Likewise, Jervey said her healthcare provider advised her to pick up a ketone blood testing kit when she started taking Farxiga. For the first six months, Jervey would test her ketones about once a week or any time she was feeling off. Now that she’s learned how SGLT-2s affect her body, Jervey said she only tests her ketones if she’s feeling nauseous or under the weather. 

Mathieu said the people who use SGLT-2s at her center in Belgium are well-trained to spot adverse symptoms. 

"We haven’t seen as many DKAs in the past two years,” Mathieu said. “These people know the smell of ketones, the taste of ketones.
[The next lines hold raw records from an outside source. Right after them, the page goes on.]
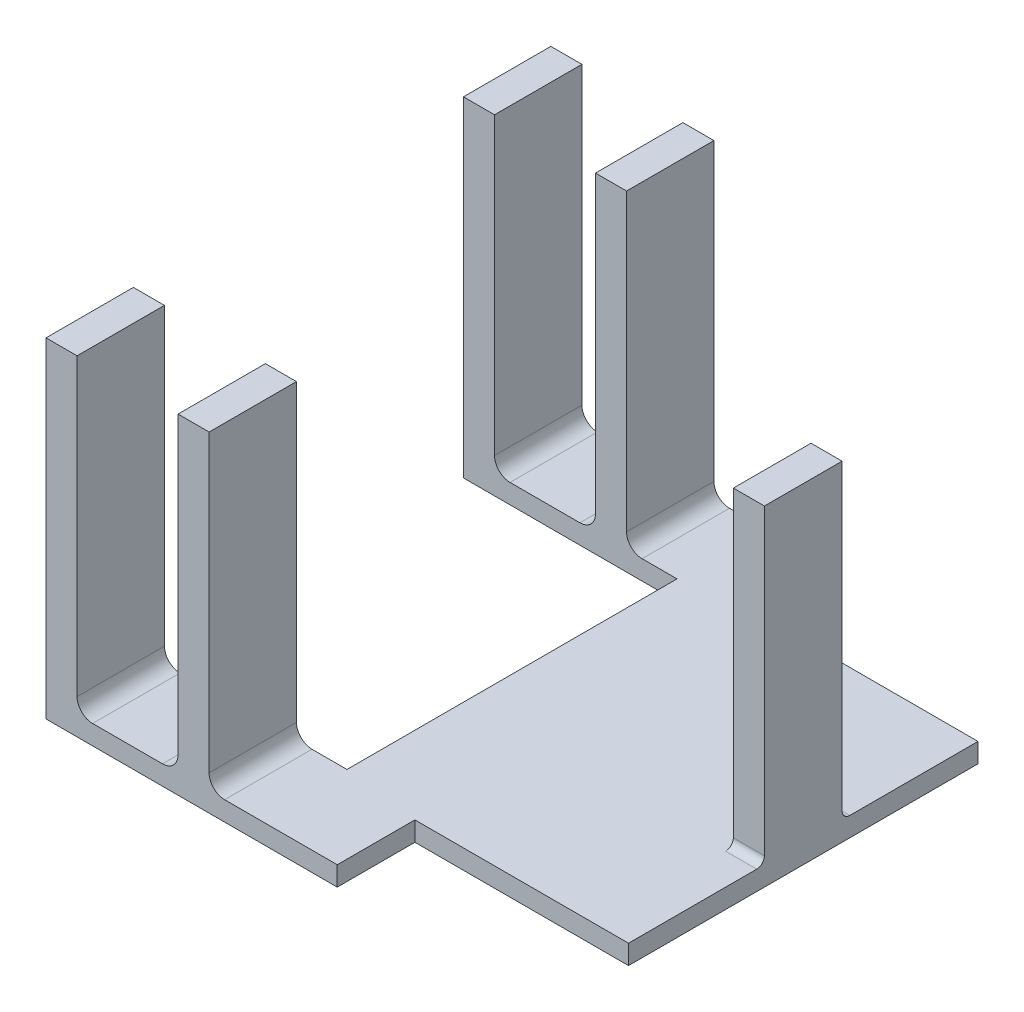
SolidWorks part; units mm, degrees
ref_plane "Front Plane" through (0, 0, 0) normal (0, 0, 1) x (1, 0, 0)
ref_plane "Top Plane" through (0, 0, 0) normal (0, 1, 0) x (1, 0, 0)
ref_plane "Right Plane" through (0, 0, 0) normal (1, 0, 0) x (0, 0, -1)
sketch "Sketch1" plane through (0, 0, 0) normal (0, 1, 0) x (1, 0, 0)
  line L0 (0, 114.3) -> (0, 139.7)
  line L1 (0, 0) -> (69.85, 0)
  line L3 (0, 114.3) -> (69.85, 114.3)
  line L4 (69.85, 0) -> (69.85, 114.3)
  line L5 (0, 139.7) -> (-95.25, 139.7)
  line L6 (-95.25, 139.7) -> (-95.25, 111.125)
  line L7 (-95.25, 111.125) -> (-25.4, 111.125)
  line L8 (-25.4, 111.125) -> (-25.4, 3.175)
  line L10 (-95.25, 3.175) -> (-25.4, 3.175)
  line L11 (0, -25.4) -> (-95.25, -25.4)
  line L12 (-95.25, -25.4) -> (-95.25, 3.175)
  line L13 (0, -25.4) -> (0, 0)
  dimension "D1" = 69.85
  dimension "D2" = 114.3
  dimension "D3" = 25.4
  dimension "D4" = 95.25
  dimension "D5" = 28.575
extrude "Boss-Extrude1" add sketch "Sketch1" along normal blind 6.35
sketch "Sketch4" plane through (0, 6.35, 0) normal (0, 1, 0) x (1, 0, 0)
  line L0 (-95.25, -25.4) -> (0, -25.4) construction
  line L1 (-95.25, 3.175) -> (-85.09, 3.175)
  line L2 (-95.25, 3.175) -> (-95.25, -25.4)
  line L3 (-95.25, -25.4) -> (-85.09, -25.4)
  line L4 (-85.09, 3.175) -> (-85.09, -25.4)
  line L5 (-25.4, 3.175) -> (-95.25, 3.175) construction
  line L6 (-52.07, -25.4) -> (-41.91, -25.4)
  line L7 (-52.07, -25.4) -> (-52.07, 3.175)
  line L8 (-52.07, 3.175) -> (-41.91, 3.175)
  line L9 (-41.91, -25.4) -> (-41.91, 3.175)
  dimension "D1" = 10.16
  dimension "D2" = 10.16
  dimension "D3" = 33.02
extrude "Boss-Extrude4" add sketch "Sketch4" along normal blind 101.6
sketch "Sketch5" plane through (0, 6.35, 0) normal (0, 1, 0) x (1, 0, 0)
  line L0 (-95.25, 111.125) -> (-25.4, 111.125) construction
  line L1 (-95.25, 139.7) -> (-85.09, 139.7)
  line L2 (-95.25, 139.7) -> (-95.25, 111.125)
  line L3 (-95.25, 111.125) -> (-85.09, 111.125)
  line L4 (-85.09, 139.7) -> (-85.09, 111.125)
  line L5 (0, 139.7) -> (-95.25, 139.7) construction
  line L6 (-41.91, 139.7) -> (-52.07, 139.7)
  line L7 (-41.91, 139.7) -> (-41.91, 111.125)
  line L8 (-41.91, 111.125) -> (-52.07, 111.125)
  line L9 (-52.07, 139.7) -> (-52.07, 111.125)
  dimension "D1" = 10.16
  dimension "D2" = 33.02
  dimension "D3" = 10.16
extrude "Boss-Extrude5" add sketch "Sketch5" along normal blind 101.6
sketch "Sketch6" plane through (0, 6.35, 0) normal (0, 1, 0) x (1, 0, 0)
  line L0 (69.85, 0) -> (69.85, 114.3) construction
  line L1 (69.85, 44.45) -> (59.69, 44.45)
  line L2 (69.85, 44.45) -> (69.85, 69.85)
  line L3 (69.85, 69.85) -> (59.69, 69.85)
  line L4 (59.69, 44.45) -> (59.69, 69.85)
  line L5 (0, 0) -> (69.85, 0) construction
  point P6 (64.77, 44.45)
  dimension "D1" = 10.16
  dimension "D2" = 25.4
  dimension "D3" = 44.45
extrude "Boss-Extrude7" add sketch "Sketch6" along normal blind 101.6 contours L4 L3 L2 L1
fillet "Fillet2" radius 5.08 1 edges at (-41.91, 6.35, 11.1125)
fillet "Fillet3" radius 5.08 1 edges at (-52.07, 6.35, 11.1125)
fillet "Fillet4" radius 5.08 1 edges at (-85.09, 6.35, 11.1125)
fillet "Fillet5" radius 5.08 1 edges at (-85.09, 6.35, -125.4125)
fillet "Fillet6" radius 5.08 1 edges at (-52.07, 6.35, -125.4125)
fillet "Fillet7" radius 5.08 1 edges at (-41.91, 6.35, -125.4125)
fillet "Fillet8" radius 2.54 1 edges at (64.77, 6.35, -44.45)
fillet "Fillet9" radius 2.54 1 edges at (64.77, 6.35, -69.85)
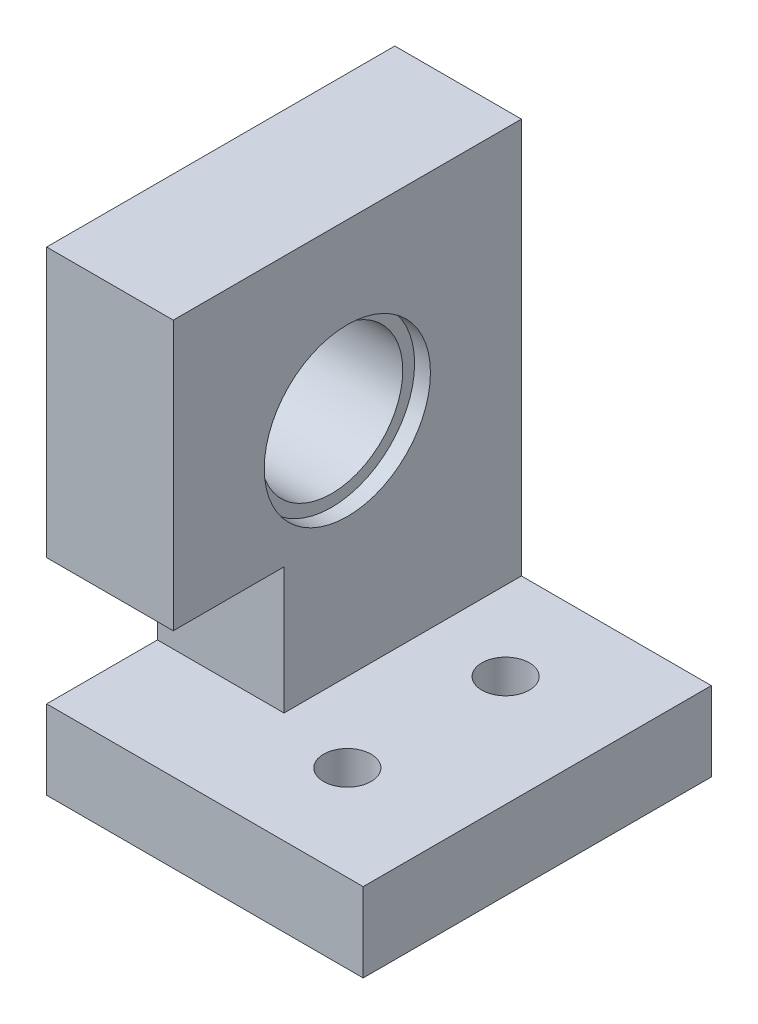
SolidWorks part; units mm, degrees
material "1060 合金"
ref_plane "前视基准面" through (0, 0, 0) normal (0, 0, 1) x (1, 0, 0)
ref_plane "上视基准面" through (0, 0, 0) normal (0, 1, 0) x (1, 0, 0)
ref_plane "右视基准面" through (0, 0, 0) normal (1, 0, 0) x (0, 0, -1)
sketch "草图1" plane through (0, 0, 0) normal (1, 0, 0) x (0, 0, -1)
  line L0 (0, 15) -> (0, 4) construction
  line L1 (-11, 15) -> (11, 15)
  line L2 (-11, 15) -> (-11, -15)
  line L3 (-11, -15) -> (11, -15)
  line L4 (11, 15) -> (11, -15)
  line L5 (-11, 15) -> (11, -15) construction
  line L6 (-11, -15) -> (11, 15) construction
  circle A0 centre (0, 4) radius 4.5
  circle A1 centre (0, 4) radius 5.25
  point P0 (0, 0)
  dimension "D4" = 9
  dimension "D5" = 10.5
  dimension "D1" = 30
  dimension "D2" = 22
  dimension "D3" = 11
extrude "凸台-拉伸1" add sketch "草图1" along normal blind 8 contours L2 L1 L4 L3
sketch "草图2" plane through (0, 0, 0) normal (-1, 0, 0) x (0, 0, 1)
  line L0 (0, 15) -> (0, 4) construction
  line L1 (11, 15) -> (-11, 15) construction
  circle A0 centre (0, 4) radius 4.5
  dimension "D2" = 9
  dimension "D1" = 11
extrude "切除-拉伸1" cut sketch "草图2" against normal through all
sketch "草图3" plane through (0, 0, 0) normal (-1, 0, 0) x (0, 0, 1)
  line L0 (11, -15) -> (11, -10) construction
  line L1 (11, 15) -> (11, -15) construction
  line L3 (11, -10) -> (4, -10)
  line L4 (11, -10) -> (11, -2)
  line L5 (11, -2) -> (4, -2)
  line L6 (4, -10) -> (4, -2)
  dimension "D1" = 5
  dimension "D2" = 7
  dimension "D3" = 8
extrude "切除-拉伸2" cut sketch "草图3" against normal through all
sketch "草图4" plane through (0, 0, 0) normal (-1, 0, 0) x (0, 0, 1)
  circle A0 centre (0, 4) radius 5.25
  dimension "D1" = 10.5
extrude "切除-拉伸3" cut sketch "草图4" against normal blind 1
sketch "草图5" plane through (8, 0, 0) normal (1, 0, 0) x (0, 0, -1)
  circle A0 centre (0, 4) radius 5.25
  dimension "D1" = 10.5
extrude "切除-拉伸4" cut sketch "草图5" against normal blind 1
sketch "草图6" plane through (8, 0, 0) normal (1, 0, 0) x (0, 0, -1)
  line L1 (-11, -10) -> (11, -10)
  line L2 (-11, -10) -> (-11, -15)
  line L3 (-11, -15) -> (11, -15)
  line L4 (11, -10) -> (11, -15)
extrude "凸台-拉伸2" add sketch "草图6" along normal blind 12
sketch "草图7" plane through (0, -15, 0) normal (0, -1, 0) x (1, 0, 0)
  line L0 (20, -11) -> (20, -5) construction
  line L1 (20, 11) -> (20, -11) construction
  line L2 (20, -5) -> (13, -5) construction
  line L10 (9.8, -5) -> (11.4, -7.7713)
  line L11 (11.4, -7.7713) -> (14.6, -7.7713)
  line L12 (14.6, -7.7713) -> (16.2, -5)
  line L13 (16.2, -5) -> (14.6, -2.2287)
  line L14 (14.6, -2.2287) -> (11.4, -2.2287)
  line L15 (11.4, -2.2287) -> (9.8, -5)
  circle A0 centre (13, -5) radius 2.7713 construction
  point P5 (0, 0)
  point P14 (0, 0)
  dimension "D1" = 6
  dimension "D2" = 7
  dimension "D3" = 3.2
  dimension "D4" = 3.8
extrude "切除-拉伸5" cut sketch "草图7" against normal blind 2.5
pattern_linear "阵列(线性)1" count 2 spacing 10 along (0, 0, 1) of "切除-拉伸5"
sketch "草图8" plane through (0, -12.5, 0) normal (0, -1, 0) x (1, 0, 0)
  line L0 (20, 11) -> (20, -11) construction
  line L1 (20, 11) -> (0, 11) construction
  circle A0 centre (13, 5) radius 1.5
  dimension "D1" = 7
  dimension "D2" = 3
  dimension "D3" = 6
extrude "切除-拉伸6" cut sketch "草图8" against normal through all
pattern_linear "阵列(线性)2" count 2 spacing 10 along (0, 0, -1) of "切除-拉伸6"

They know when they’re at risk, they know what to do – namely, to give more insulin and to eat carbs.” 

Another thing to be aware of when starting an SGLT-2 inhibitor is the potential for a brief dip in estimated glomerular filtration rate (eGFR), a measure of how well your kidneys are working. But Tuttle stressed that the dip is not an adverse effect – it’s actually a marker that the drug is doing its job. A dip in eGFR is evidence of a reduction in high pressure in the small blood vessels that filter the blood in the kidney. 

Early trials of adjunctive therapies

The first GLP-1 receptor agonist, Byetta (exenatide), was approved in the early 2000s. Following the approval of Victoza (liraglutide) in 2010, the concept of adjunctive therapies took off. In 2013, Novo Nordisk designed a trial to test the once-daily GLP-1 in type 1 diabetes. 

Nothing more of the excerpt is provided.